WHAT IS EXPECTED
Produce word for word the lines of the data below running from the one that has "[V_p2p_ABC_conv] -> Mux2/2" to the one that has "Bus Creator/1 ->", inclusive, and no others.

[Stored data]
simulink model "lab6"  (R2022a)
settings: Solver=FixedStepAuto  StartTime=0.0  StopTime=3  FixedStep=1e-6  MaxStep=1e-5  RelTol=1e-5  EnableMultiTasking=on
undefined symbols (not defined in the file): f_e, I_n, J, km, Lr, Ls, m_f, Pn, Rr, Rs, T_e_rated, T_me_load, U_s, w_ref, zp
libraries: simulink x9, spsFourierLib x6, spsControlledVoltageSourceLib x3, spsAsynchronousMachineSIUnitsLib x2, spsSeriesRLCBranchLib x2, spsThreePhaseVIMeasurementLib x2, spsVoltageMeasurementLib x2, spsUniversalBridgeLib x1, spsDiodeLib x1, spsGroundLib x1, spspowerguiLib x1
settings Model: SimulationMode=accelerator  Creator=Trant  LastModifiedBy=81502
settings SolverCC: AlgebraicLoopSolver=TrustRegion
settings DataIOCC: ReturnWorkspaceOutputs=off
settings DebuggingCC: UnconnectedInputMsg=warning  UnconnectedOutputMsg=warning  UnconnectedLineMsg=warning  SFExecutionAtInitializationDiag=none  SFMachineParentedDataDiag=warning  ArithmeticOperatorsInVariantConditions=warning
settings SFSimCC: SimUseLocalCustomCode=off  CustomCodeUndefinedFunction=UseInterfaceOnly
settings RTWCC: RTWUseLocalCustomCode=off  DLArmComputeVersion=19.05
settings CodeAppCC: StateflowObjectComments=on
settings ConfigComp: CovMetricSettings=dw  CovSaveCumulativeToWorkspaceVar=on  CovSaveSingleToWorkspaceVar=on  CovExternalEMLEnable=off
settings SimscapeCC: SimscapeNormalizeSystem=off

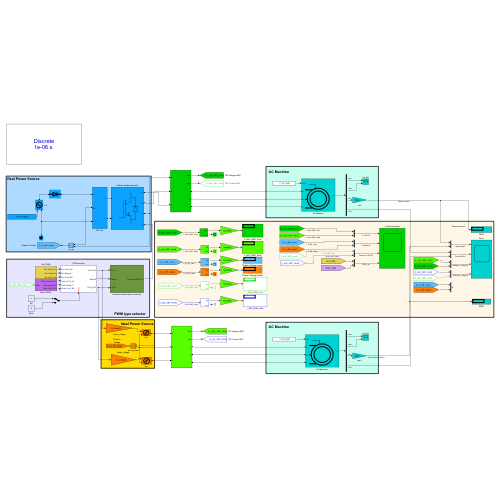
[thumbnail: Simulink's stored preview of the top-level diagram]
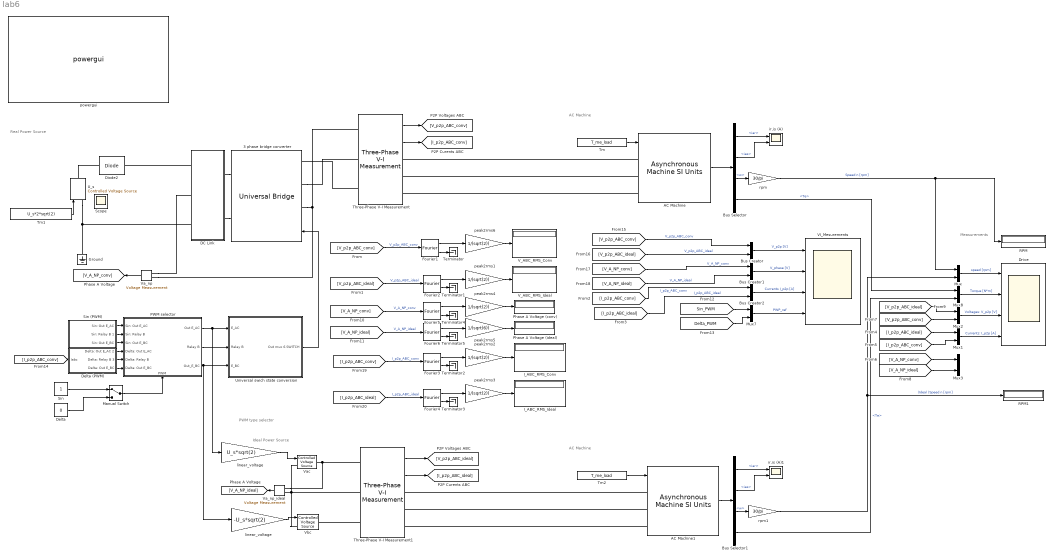
== system lab6 ==
  note: Measurements
  note: Ideal Power Source
  note: Real Power Source
  note: PWM type selector
  note: AC Machine
  note: AC Machine
  3 phase bridge converter : spsUniversalBridgeLib/Universal Bridge  Arms=3  SnubberResistance=1e5  SnubberCapacitance=inf  Device=IGBT / Diodes  Ron=1e-2  Lon=0  ForwardVoltages="[  1.5  0.7  ]"  ForwardVoltage=0  GTOparameters=[ 10e-6 , 20e-6 ]  IGBTparameters=[ 1e-6 , 2e-6 ]  Measurements=None  Measurements_2=None  converterType=Rectifier
  AC Machine : spsAsynchronousMachineSIUnitsLib/Asynchronous Machine SI Units  RotorType=Squirrel-cage  PresetModel=No  MechanicalLoad=Torque Tm  ShowDetailedParameters=on  ReferenceFrame=Stationary  Units=SI  MeasurementBus=on  NominalParameters=[ Pn, U_s*sqrt(3), f_e ]  VoltageRatio=1  Stator="[ Rs  Ls ]"  Rotor="[Rr  Lr ]"  Cage1=[ 0.022 0.226/377]  Cage2=[ 0.022 0.226/377]  Lm=Lm  Mechanical="[ J  0 zp]"  PolePairs=2  InitialConditions="[ 1,0   0,0,0   0,0,0 ]"  SimulateSaturation=off  Saturation=[14.03593122, 27.81365428, 53.79336849, 72.68890987, 97.98006896, 148.6815601, 215.7428561, 302.9841135, 428.7778367 ; 230, 322, 414, 460, 506, 552, 598, 644, 690]  LoadFlowParameters=0  TsPowergui=0  TsBlock=-1  IterativeModel=Trapezoidal non iterative  IterativeDiscreteModel=Trapezoidal non iterative  Pmec=0
      settings: AttributesFormatString=\n
  AC Machine1 : spsAsynchronousMachineSIUnitsLib/Asynchronous Machine SI Units  RotorType=Squirrel-cage  PresetModel=No  MechanicalLoad=Torque Tm  ShowDetailedParameters=on  ReferenceFrame=Stationary  Units=SI  MeasurementBus=on  NominalParameters=[ Pn, U_s*sqrt(3), f_e ]  VoltageRatio=1  Stator="[ Rs  Ls ]"  Rotor="[Rr  Lr ]"  Cage1=[ 0.022 0.226/377]  Cage2=[ 0.022 0.226/377]  Lm=Lm  Mechanical="[ J  0 zp]"  PolePairs=2  InitialConditions="[ 1,0   0,0,0   0,0,0 ]"  SimulateSaturation=off  Saturation=[14.03593122, 27.81365428, 53.79336849, 72.68890987, 97.98006896, 148.6815601, 215.7428561, 302.9841135, 428.7778367 ; 230, 322, 414, 460, 506, 552, 598, 644, 690]  LoadFlowParameters=0  TsPowergui=0  TsBlock=-1  IterativeModel=Trapezoidal non iterative  IterativeDiscreteModel=Trapezoidal non iterative  Pmec=0
      settings: AttributesFormatString=\n
  Bus Creator : BusCreator  Inputs=2
  Bus Creator1 : BusCreator  Inputs=2
  Bus Creator2 : BusCreator  Inputs=2
  Bus Selector : BusSelector  OutputSignals=iar,ias,w,Te
  Bus Selector1 : BusSelector  OutputSignals=iar,ias,w,Te
  DC Link : Subsystem
  Delta : Constant  Value=0
  "Delta (PWM) " : Subsystem
  Diode2 : spsDiodeLib/Diode  Ron=0.0000001  Lon=0  Vf=0.0000001  IC=0  UseSnubber=0  Rs=inf  Cs=250e-9  Measurements=off
  Drive : Scope  NumInputPorts=4
  Fourier{1..6} (6 alike) : spsFourierLib/Fourier  Freq=f_e  n=1  InInit=[0, 0]  Ts=0
      settings: SourceProductBaseCode=PS
  Ground : spsGroundLib/Ground  LConnTagsString=a
  I_ABC_RMS_Conv : Display
      settings: Decimation=100
  I_ABC_RMS_Ideal : Display
      settings: Decimation=100
  Manual Switch : ManualSwitch
  Mux{,1..3,7..8} (6 alike) : Mux  Inputs=2
  PWM selector : Subsystem
      settings: PortSchema="{\"entries\":[{\"content\":{\"sides\":[{\"content\":{\"connectorIds\":[\"In1\",\"In2\",\"In3\",\"In4\",\"In5\",\"In6\"]},\"type\":\"ConnectorPlacement.EquallySpacedRectSide\",\"uuid\":\"d8825297-29c5-47ea-8460-276057c08024\"},{\"content\":{\"connectorIds\":[\"Out1\",\"Out2\",\"Out3\"],\"side\":\"RIGHT\"},\"type\":\"ConnectorPlacement.EquallySpacedRectSide\",\"uuid\":\"df0a2572-9195-4f57-b13e-7b5fffdd47ce\"},{\"content\":{\"connectorIds\":[],\"side\":\"TOP\"},\"type\":\"ConnectorPlacement.EquallySpacedRectSide\",\"uuid\":\"3bcfb922-02d6-49ee-9ecc-d9568c4dbca9\"},{\"content\":{\"connectorIds\":[\"In7\"],\"side\":\"BOTTOM\"},\"type\":\"ConnectorPlacement.EquallySpacedRectSide\",\"uuid\":\"29fdab77-a4c0-4546-9e45-02849de3b5bd\"},{\"content\":{\"connectorIds\":[],\"side\":\"HIDDEN\"},\"type\":\"ConnectorPlacement.EquallySpacedRectSide\",\"uuid\":\"147cb719-0326-42c1-9162-cd1cd750ef12\"}]},\"type\":\"ConnectorPlacement.EquallySpacedConnector\",\"uuid\":\"5ed61148-1717-428a-bdaf-bb7d5a590e8d\"}],\"packageUris\":[\"http://schema.mathworks.com/mf0/Connector/R2020b\"],\"version\":\"1.0\"}"
  Phase A Voltage (conv) : Display
      settings: Decimation=100
  Phase A Voltage (ideal) : Display
      settings: Decimation=100
  RPM : Display
      settings: Decimation=100
  RPM1 : Display
      settings: Decimation=100
  Sin : Constant
  Sin (PWM) : Subsystem
  Terminator{,1..5} (6 alike) : Terminator
  Three-Phase V-I Measurement : spsThreePhaseVIMeasurementLib/Three-Phase V-I Measurement  VoltageMeasurement=phase-to-phase  SetLabelV=off  LabelV=Vabc  Vpu=off  VpuLL=off  CurrentMeasurement=yes  SetLabelI=off  LabelI=Iabc  Ipu=off  Pbase=100e6  Vbase=500e3  OutputType=Complex  PhasorSimulation=off  PSBequivalent=0
  Three-Phase V-I Measurement1 : spsThreePhaseVIMeasurementLib/Three-Phase V-I Measurement  VoltageMeasurement=phase-to-phase  SetLabelV=off  LabelV=Vabc  Vpu=off  VpuLL=off  CurrentMeasurement=yes  SetLabelI=off  LabelI=Iabc  Ipu=off  Pbase=100e6  Vbase=500e3  OutputType=Complex  PhasorSimulation=off  PSBequivalent=0
  Tm : Constant  Value=T_me_load
  Tm1 : Constant  Value=U_s*2*sqrt(2)  VectorParams1D=off
  Tm2 : Constant  Value=T_me_load
  U_s : spsControlledVoltageSourceLib/Controlled Voltage Source  Description=source block  Initialize=on  Source_Type=AC  Amplitude=0  Phase=0  Frequency=0  Measurements=None
      settings: AttributesFormatString=\n
  Universal swich state conversion : Subsystem
  VI_Mesurements : Scope  NumInputPorts=4
  V_ABC_RMS_Conv : Display
      settings: Decimation=100
  V_ABC_RMS_Ideal : Display
      settings: Decimation=100
  Va_np : spsVoltageMeasurementLib/Voltage Measurement  Tag=PoWeRsYsTeMmEaSuReMeNt  PhasorSimulation=off  OutputType=Magnitude  PSBequivalent=0
  Va_np_ideal : spsVoltageMeasurementLib/Voltage Measurement  Tag=PoWeRsYsTeMmEaSuReMeNt  PhasorSimulation=off  OutputType=Magnitude  PSBequivalent=0
  Vac : spsControlledVoltageSourceLib/Controlled Voltage Source  Description=source block  Initialize=on  Source_Type=AC  Amplitude=0  Phase=0  Frequency=0  Measurements=None
      settings: AttributesFormatString=\n
  "Vbc " : spsControlledVoltageSourceLib/Controlled Voltage Source  Description=source block  Initialize=on  Source_Type=AC  Amplitude=0  Phase=0  Frequency=0  Measurements=None
      settings: AttributesFormatString=\n
  ir,is (A) : Scope  NumInputPorts=2
  ir,is (A)1 : Scope  NumInputPorts=2
  linear_voltage : Gain  Gain=U_s*sqrt(2)  SaturateOnIntegerOverflow=on  OutDataTypeStr=Inherit: Same as input  ParamDataTypeStr=Inherit: Same as input
  "linear_voltage " : Gain  Gain=-U_s*sqrt(2)  SaturateOnIntegerOverflow=on  OutDataTypeStr=Inherit: Same as input  ParamDataTypeStr=Inherit: Same as input
  peak2rms{1..4,6} (5 alike) : Gain  Gain=1/(sqrt(2))  SaturateOnIntegerOverflow=on  OutDataTypeStr=Inherit: Same as input  ParamDataTypeStr=Inherit: Same as input
  peak2rms5 : Gain  Gain=1/(sqrt(6))  SaturateOnIntegerOverflow=on  OutDataTypeStr=Inherit: Same as input  ParamDataTypeStr=Inherit: Same as input
  powergui : spspowerguiLib/powergui  SimulationMode=Discrete  SampleTime=1e-6  frequency=60  Iterations=50  frequencyindice=0  Pbase=100e6  ErrMax=1e-4  UnitsV=kV  UnitsW=MW  buscounter=0  FunctionMessages=off  echomessages=off  EnableUseOfTLC=off  CurrentSourceSwitches=on  DisableSnubberDevices=off  DisableRonSwitches=off  DisableVfSwitches=off  DisplayEquations=off  AutomaticDiscreteSolvers=off  SolverType=Tustin/Backward Euler (TBE)  Interpol=off  ExternalGateDelay=off  methode=off  Ts=100  x0status=blocks  SPID=off  SwTol=0  HookPort=off  NonlinearTolerance=1e-4  nMaxIteration=100  ContinueOnMaxIteration=off  RestoreLinks=warning  ResistiveCurrentMeasurement=off  Frange=[0:2:500]  Ylog=off  Xlog=on  ShowGrid=off  save=off  variable=ZData  structure=VI_mesurements  ZoomFFT=off  StartTime=1.55  cycles=1  DisplayStyle=1  fundamental=50  FreqAxis=on  MaxFrequency=40000  frequencyindicesteady=1  RmsSteady=1  display=off
  rpm : Gain  Gain=30/pi  SaturateOnIntegerOverflow=on  OutDataTypeStr=Inherit: Same as input  ParamDataTypeStr=Inherit: Same as input
  rpm1 : Gain  Gain=30/pi  SaturateOnIntegerOverflow=on  OutDataTypeStr=Inherit: Same as input  ParamDataTypeStr=Inherit: Same as input
  Scope : Scope
  wires:
  Tm/1 -> AC Machine/1
  Bus Selector/3 -> rpm/1  "<w>"
  Fourier1/2 -> Terminator/1
  rpm/1 -> Mux/1, RPM/1  "Speed n [rpm]"
  Bus Selector/2 -> ir,is (A)/2  "<ias>"
  peak2rms6/1 -> V_ABC_RMS_Conv/1
  Bus Selector/1 -> ir,is (A)/1  "<iar>"
  AC Machine/1 -> Bus Selector/1
  Fourier1/1 -> peak2rms6/1
  Tm1/1 -> U_s/1
  "linear_voltage "/1 -> "Vbc "/1
  linear_voltage/1 -> Vac/1
  Fourier2/1 -> peak2rms1/1
  Fourier2/2 -> Terminator1/1
  peak2rms1/1 -> V_ABC_RMS_Ideal/1
  Universal swich state conversion/1(Out mux 6 SWITCH) -> 3 phase bridge converter/1
  Manual Switch/1 -> PWM selector/7(PWM)
  Sin/1 -> Manual Switch/1
  Delta/1 -> Manual Switch/2
  Sin (PWM)/1("Sin: Out E_AC ") -> PWM selector/1(Sin: Out E_AC)
  Sin (PWM)/2(Sin: Relay B 1) -> PWM selector/2(Sin: Relay B)
  Sin (PWM)/3(Sin: Out E_BC) -> PWM selector/3(Sin: Out E_BC)
  "Delta (PWM) "/1(Delta: Out E_AC 2) -> PWM selector/4(Delta: Out E_AC)
  "Delta (PWM) "/2(Delta: Relay B 3) -> PWM selector/5(Delta: Relay B)
  "Delta (PWM) "/3(Delta: Out E_BC) -> PWM selector/6(Delta: Out E_BC)
  PWM selector/3(Out_E_BC) -> "linear_voltage "/1, Universal swich state conversion/3(E_BC)
  PWM selector/2(Relay B) -> Universal swich state conversion/2("Relay B ")
  PWM selector/1(Out E_AC) -> Universal swich state conversion/1("E_AC "), linear_voltage/1
  Three-Phase V-I Measurement/1 -> [V_p2p_ABC_conv]
  Three-Phase V-I Measurement1/1 -> [V_p2p_ABC_ideal]
  Three-Phase V-I Measurement1/2 -> [I_p2p_ABC_ideal]
  Three-Phase V-I Measurement/2 -> [I_p2p_ABC_conv]
  [V_p2p_ABC_conv] -> Fourier1/1  "V_p2p_ABC_conv"
  [V_p2p_ABC_ideal] -> Fourier2/1  "V_p2p_ABC_ideal"
  AC Machine1/1 -> Bus Selector1/1
  Tm2/1 -> AC Machine1/1
  Bus Selector1/2 -> ir,is (A)1/2  "<ias>"
  Bus Selector1/1 -> ir,is (A)1/1  "<iar>"
  rpm1/1 -> RPM1/1, Mux/2  "(Ideal )Speed n [rpm]"
  Bus Selector1/3 -> rpm1/1  "<w>"
  Mux/1 -> Drive/1  "speed [rpm]"
  [I_p2p_ABC_ideal] -> Bus Creator2/2  "I_p2p_ABC_ideal"
  [I_p2p_ABC_conv] -> Bus Creator2/1  "I_p2p_ABC_conv"
  peak2rms3/1 -> I_ABC_RMS_Ideal/1
  Fourier4/2 -> Terminator3/1
  Fourier4/1 -> peak2rms3/1
  Fourier3/1 -> peak2rms2/1
  peak2rms2/1 -> I_ABC_RMS_Conv/1
  Fourier3/2 -> Terminator2/1
  [I_p2p_ABC_conv] -> Mux1/2
  [I_p2p_ABC_ideal] -> Mux1/1
  Mux1/1 -> Drive/4  "Currents: I_p2p [A]"
  [V_p2p_ABC_ideal] -> Mux2/1
  [V_p2p_ABC_conv] -> Mux2/2
  Mux2/1 -> Drive/3  "Voltages: V_p2p [V]"
  Va_np/1 -> [V_A_NP_conv]
  Va_np_ideal/1 -> [V_A_NP_ideal]
  [V_A_NP_conv] -> Fourier5/1  "V_A_NP_conv"
  Fourier5/1 -> peak2rms4/1
  peak2rms4/1 -> Phase A Voltage (conv)/1
  Fourier5/2 -> Terminator4/1
  Bus Creator/1 -> VI_Mesurements/1  "V_p2p [V]"
  Bus Creator1/1 -> VI_Mesurements/2  "V_phase [V]"
  Bus Creator2/1 -> VI_Mesurements/3  "Currents I_p2p [A]"
  [Sin_PWM] -> Mux7/1
  [Delta_PWM] -> Mux7/2
  Mux7/1 -> VI_Mesurements/4  "PWP_ref"
  [I_p2p_ABC_conv] -> "Delta (PWM) "/1("Iabc ")
  Fourier6/2 -> Terminator5/1
  peak2rms5/1 -> Phase A Voltage (ideal)/1
  Fourier6/1 -> peak2rms5/1
  Bus Selector/4 -> Mux8/1  "<Te>"
  Bus Selector1/4 -> Mux8/2  "<Te>"
  Mux8/1 -> Drive/2  "Torque [N*m]"
  [V_A_NP_conv] -> Mux3/1
  [V_A_NP_ideal] -> Mux3/2
  [V_A_NP_ideal] -> Fourier6/1  "V_A_NP_ideal"
  [V_p2p_ABC_conv] -> Bus Creator/1  "V_p2p_ABC_conv"
  [V_p2p_ABC_ideal] -> Bus Creator/2  "V_p2p_ABC_ideal"
  [V_A_NP_conv] -> Bus Creator1/1  "V_A_NP_conv"
  [V_A_NP_ideal] -> Bus Creator1/2  "V_A_NP_ideal"
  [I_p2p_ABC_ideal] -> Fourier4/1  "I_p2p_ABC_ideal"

RESPONSE TO THIS EXERCISE
  [V_p2p_ABC_conv] -> Mux2/2
  Mux2/1 -> Drive/3  "Voltages: V_p2p [V]"
  Va_np/1 -> [V_A_NP_conv]
  Va_np_ideal/1 -> [V_A_NP_ideal]
  [V_A_NP_conv] -> Fourier5/1  "V_A_NP_conv"
  Fourier5/1 -> peak2rms4/1
  peak2rms4/1 -> Phase A Voltage (conv)/1
  Fourier5/2 -> Terminator4/1
  Bus Creator/1 -> VI_Mesurements/1  "V_p2p [V]"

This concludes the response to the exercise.